--- Given entries ---
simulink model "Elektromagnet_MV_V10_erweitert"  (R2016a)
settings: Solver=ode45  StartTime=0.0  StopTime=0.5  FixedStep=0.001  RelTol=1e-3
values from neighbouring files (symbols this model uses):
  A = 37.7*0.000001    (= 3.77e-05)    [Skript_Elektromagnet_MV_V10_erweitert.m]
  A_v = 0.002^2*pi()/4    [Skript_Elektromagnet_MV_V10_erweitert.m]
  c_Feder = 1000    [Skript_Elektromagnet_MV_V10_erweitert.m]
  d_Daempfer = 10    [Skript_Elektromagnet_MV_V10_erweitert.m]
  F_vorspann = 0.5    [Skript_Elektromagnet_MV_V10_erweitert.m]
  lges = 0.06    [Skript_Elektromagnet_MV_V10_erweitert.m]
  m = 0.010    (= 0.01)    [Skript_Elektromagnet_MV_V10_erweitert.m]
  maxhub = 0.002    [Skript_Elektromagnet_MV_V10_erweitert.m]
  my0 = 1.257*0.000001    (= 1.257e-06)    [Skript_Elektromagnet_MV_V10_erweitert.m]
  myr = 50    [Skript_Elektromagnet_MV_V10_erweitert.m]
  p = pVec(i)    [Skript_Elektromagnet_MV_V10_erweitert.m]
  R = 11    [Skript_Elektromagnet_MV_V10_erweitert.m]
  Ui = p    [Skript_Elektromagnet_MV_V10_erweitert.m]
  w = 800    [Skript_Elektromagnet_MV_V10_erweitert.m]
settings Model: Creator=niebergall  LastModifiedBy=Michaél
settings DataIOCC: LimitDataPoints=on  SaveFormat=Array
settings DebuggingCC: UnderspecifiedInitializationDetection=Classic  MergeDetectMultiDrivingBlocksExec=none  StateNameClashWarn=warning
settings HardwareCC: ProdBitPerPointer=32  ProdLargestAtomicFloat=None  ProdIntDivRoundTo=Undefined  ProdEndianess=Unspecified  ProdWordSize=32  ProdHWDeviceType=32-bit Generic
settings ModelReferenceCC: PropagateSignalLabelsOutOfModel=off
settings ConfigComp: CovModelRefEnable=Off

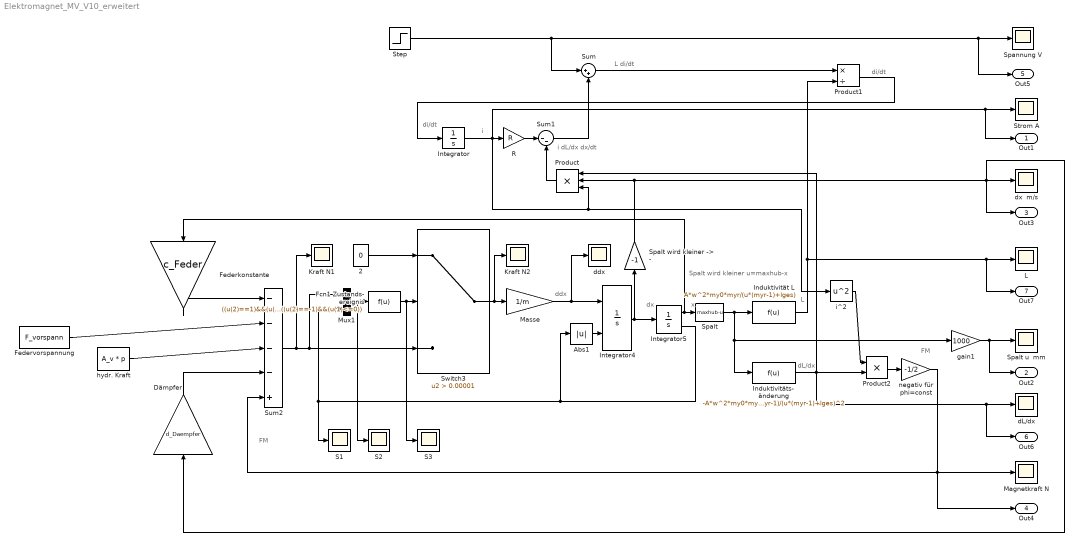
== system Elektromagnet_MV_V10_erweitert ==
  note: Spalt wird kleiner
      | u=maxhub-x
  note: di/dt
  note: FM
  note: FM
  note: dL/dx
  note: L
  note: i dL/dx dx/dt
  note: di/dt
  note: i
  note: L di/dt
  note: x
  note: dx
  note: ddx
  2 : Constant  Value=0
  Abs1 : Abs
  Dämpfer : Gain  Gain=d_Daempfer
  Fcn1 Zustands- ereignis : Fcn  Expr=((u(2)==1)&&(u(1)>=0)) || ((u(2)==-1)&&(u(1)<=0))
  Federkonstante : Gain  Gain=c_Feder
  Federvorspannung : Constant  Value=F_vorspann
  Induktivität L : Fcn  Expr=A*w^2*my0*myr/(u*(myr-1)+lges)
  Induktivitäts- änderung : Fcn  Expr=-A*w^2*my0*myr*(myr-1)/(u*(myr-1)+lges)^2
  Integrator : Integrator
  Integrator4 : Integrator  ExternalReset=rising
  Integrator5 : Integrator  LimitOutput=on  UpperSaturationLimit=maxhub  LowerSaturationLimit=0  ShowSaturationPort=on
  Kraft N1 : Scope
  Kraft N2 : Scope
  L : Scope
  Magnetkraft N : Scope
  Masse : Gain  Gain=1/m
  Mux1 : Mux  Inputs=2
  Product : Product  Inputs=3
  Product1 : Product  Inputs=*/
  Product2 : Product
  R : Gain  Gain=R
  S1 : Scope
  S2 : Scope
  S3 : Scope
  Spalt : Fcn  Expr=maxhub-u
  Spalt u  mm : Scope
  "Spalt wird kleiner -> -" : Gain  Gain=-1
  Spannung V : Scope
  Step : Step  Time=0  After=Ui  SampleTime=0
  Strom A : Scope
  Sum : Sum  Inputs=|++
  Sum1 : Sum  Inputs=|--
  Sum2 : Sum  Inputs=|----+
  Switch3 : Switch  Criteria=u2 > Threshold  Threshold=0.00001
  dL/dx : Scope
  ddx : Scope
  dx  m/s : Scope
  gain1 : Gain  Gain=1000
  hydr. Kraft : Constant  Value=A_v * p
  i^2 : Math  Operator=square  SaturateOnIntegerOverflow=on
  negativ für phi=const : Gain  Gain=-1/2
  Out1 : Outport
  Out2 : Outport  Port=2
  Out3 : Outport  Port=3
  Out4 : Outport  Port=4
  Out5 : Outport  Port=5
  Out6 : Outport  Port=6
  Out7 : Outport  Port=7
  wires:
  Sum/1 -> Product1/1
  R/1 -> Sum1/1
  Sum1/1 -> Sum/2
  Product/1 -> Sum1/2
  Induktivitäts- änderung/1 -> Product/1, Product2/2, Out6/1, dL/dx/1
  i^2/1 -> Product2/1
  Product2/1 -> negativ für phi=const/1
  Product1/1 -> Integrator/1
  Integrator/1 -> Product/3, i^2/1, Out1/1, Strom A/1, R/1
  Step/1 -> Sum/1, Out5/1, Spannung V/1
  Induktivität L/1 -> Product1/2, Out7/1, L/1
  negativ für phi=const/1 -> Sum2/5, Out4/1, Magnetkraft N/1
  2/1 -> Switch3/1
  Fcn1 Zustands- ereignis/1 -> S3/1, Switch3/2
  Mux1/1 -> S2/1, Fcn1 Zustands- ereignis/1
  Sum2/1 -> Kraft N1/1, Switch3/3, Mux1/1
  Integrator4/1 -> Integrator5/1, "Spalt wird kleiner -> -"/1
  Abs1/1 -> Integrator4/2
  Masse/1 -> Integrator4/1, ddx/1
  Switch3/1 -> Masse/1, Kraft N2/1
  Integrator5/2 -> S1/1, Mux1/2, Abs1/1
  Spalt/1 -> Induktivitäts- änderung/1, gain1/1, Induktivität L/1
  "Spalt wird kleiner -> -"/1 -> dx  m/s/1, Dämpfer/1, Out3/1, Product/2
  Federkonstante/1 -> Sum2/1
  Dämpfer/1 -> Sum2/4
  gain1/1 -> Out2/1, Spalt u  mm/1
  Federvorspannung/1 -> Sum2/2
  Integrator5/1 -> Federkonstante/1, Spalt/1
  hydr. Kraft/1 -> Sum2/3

--- Work required ---
Transcribe all of the lines above exactly as given. The pictures stay out.

--- Solution to this exercise ---
simulink model "Elektromagnet_MV_V10_erweitert"  (R2016a)
settings: Solver=ode45  StartTime=0.0  StopTime=0.5  FixedStep=0.001  RelTol=1e-3
values from neighbouring files (symbols this model uses):
  A = 37.7*0.000001    (= 3.77e-05)    [Skript_Elektromagnet_MV_V10_erweitert.m]
  A_v = 0.002^2*pi()/4    [Skript_Elektromagnet_MV_V10_erweitert.m]
  c_Feder = 1000    [Skript_Elektromagnet_MV_V10_erweitert.m]
  d_Daempfer = 10    [Skript_Elektromagnet_MV_V10_erweitert.m]
  F_vorspann = 0.5    [Skript_Elektromagnet_MV_V10_erweitert.m]
  lges = 0.06    [Skript_Elektromagnet_MV_V10_erweitert.m]
  m = 0.010    (= 0.01)    [Skript_Elektromagnet_MV_V10_erweitert.m]
  maxhub = 0.002    [Skript_Elektromagnet_MV_V10_erweitert.m]
  my0 = 1.257*0.000001    (= 1.257e-06)    [Skript_Elektromagnet_MV_V10_erweitert.m]
  myr = 50    [Skript_Elektromagnet_MV_V10_erweitert.m]
  p = pVec(i)    [Skript_Elektromagnet_MV_V10_erweitert.m]
  R = 11    [Skript_Elektromagnet_MV_V10_erweitert.m]
  Ui = p    [Skript_Elektromagnet_MV_V10_erweitert.m]
  w = 800    [Skript_Elektromagnet_MV_V10_erweitert.m]
settings Model: Creator=niebergall  LastModifiedBy=Michaél
settings DataIOCC: LimitDataPoints=on  SaveFormat=Array
settings DebuggingCC: UnderspecifiedInitializationDetection=Classic  MergeDetectMultiDrivingBlocksExec=none  StateNameClashWarn=warning
settings HardwareCC: ProdBitPerPointer=32  ProdLargestAtomicFloat=None  ProdIntDivRoundTo=Undefined  ProdEndianess=Unspecified  ProdWordSize=32  ProdHWDeviceType=32-bit Generic
settings ModelReferenceCC: PropagateSignalLabelsOutOfModel=off
settings ConfigComp: CovModelRefEnable=Off

== system Elektromagnet_MV_V10_erweitert ==
  note: Spalt wird kleiner
      | u=maxhub-x
  note: di/dt
  note: FM
  note: FM
  note: dL/dx
  note: L
  note: i dL/dx dx/dt
  note: di/dt
  note: i
  note: L di/dt
  note: x
  note: dx
  note: ddx
  2 : Constant  Value=0
  Abs1 : Abs
  Dämpfer : Gain  Gain=d_Daempfer
  Fcn1 Zustands- ereignis : Fcn  Expr=((u(2)==1)&&(u(1)>=0)) || ((u(2)==-1)&&(u(1)<=0))
  Federkonstante : Gain  Gain=c_Feder
  Federvorspannung : Constant  Value=F_vorspann
  Induktivität L : Fcn  Expr=A*w^2*my0*myr/(u*(myr-1)+lges)
  Induktivitäts- änderung : Fcn  Expr=-A*w^2*my0*myr*(myr-1)/(u*(myr-1)+lges)^2
  Integrator : Integrator
  Integrator4 : Integrator  ExternalReset=rising
  Integrator5 : Integrator  LimitOutput=on  UpperSaturationLimit=maxhub  LowerSaturationLimit=0  ShowSaturationPort=on
  Kraft N1 : Scope
  Kraft N2 : Scope
  L : Scope
  Magnetkraft N : Scope
  Masse : Gain  Gain=1/m
  Mux1 : Mux  Inputs=2
  Product : Product  Inputs=3
  Product1 : Product  Inputs=*/
  Product2 : Product
  R : Gain  Gain=R
  S1 : Scope
  S2 : Scope
  S3 : Scope
  Spalt : Fcn  Expr=maxhub-u
  Spalt u  mm : Scope
  "Spalt wird kleiner -> -" : Gain  Gain=-1
  Spannung V : Scope
  Step : Step  Time=0  After=Ui  SampleTime=0
  Strom A : Scope
  Sum : Sum  Inputs=|++
  Sum1 : Sum  Inputs=|--
  Sum2 : Sum  Inputs=|----+
  Switch3 : Switch  Criteria=u2 > Threshold  Threshold=0.00001
  dL/dx : Scope
  ddx : Scope
  dx  m/s : Scope
  gain1 : Gain  Gain=1000
  hydr. Kraft : Constant  Value=A_v * p
  i^2 : Math  Operator=square  SaturateOnIntegerOverflow=on
  negativ für phi=const : Gain  Gain=-1/2
  Out1 : Outport
  Out2 : Outport  Port=2
  Out3 : Outport  Port=3
  Out4 : Outport  Port=4
  Out5 : Outport  Port=5
  Out6 : Outport  Port=6
  Out7 : Outport  Port=7
  wires:
  Sum/1 -> Product1/1
  R/1 -> Sum1/1
  Sum1/1 -> Sum/2
  Product/1 -> Sum1/2
  Induktivitäts- änderung/1 -> Product/1, Product2/2, Out6/1, dL/dx/1
  i^2/1 -> Product2/1
  Product2/1 -> negativ für phi=const/1
  Product1/1 -> Integrator/1
  Integrator/1 -> Product/3, i^2/1, Out1/1, Strom A/1, R/1
  Step/1 -> Sum/1, Out5/1, Spannung V/1
  Induktivität L/1 -> Product1/2, Out7/1, L/1
  negativ für phi=const/1 -> Sum2/5, Out4/1, Magnetkraft N/1
  2/1 -> Switch3/1
  Fcn1 Zustands- ereignis/1 -> S3/1, Switch3/2
  Mux1/1 -> S2/1, Fcn1 Zustands- ereignis/1
  Sum2/1 -> Kraft N1/1, Switch3/3, Mux1/1
  Integrator4/1 -> Integrator5/1, "Spalt wird kleiner -> -"/1
  Abs1/1 -> Integrator4/2
  Masse/1 -> Integrator4/1, ddx/1
  Switch3/1 -> Masse/1, Kraft N2/1
  Integrator5/2 -> S1/1, Mux1/2, Abs1/1
  Spalt/1 -> Induktivitäts- änderung/1, gain1/1, Induktivität L/1
  "Spalt wird kleiner -> -"/1 -> dx  m/s/1, Dämpfer/1, Out3/1, Product/2
  Federkonstante/1 -> Sum2/1
  Dämpfer/1 -> Sum2/4
  gain1/1 -> Out2/1, Spalt u  mm/1
  Federvorspannung/1 -> Sum2/2
  Integrator5/1 -> Federkonstante/1, Spalt/1
  hydr. Kraft/1 -> Sum2/3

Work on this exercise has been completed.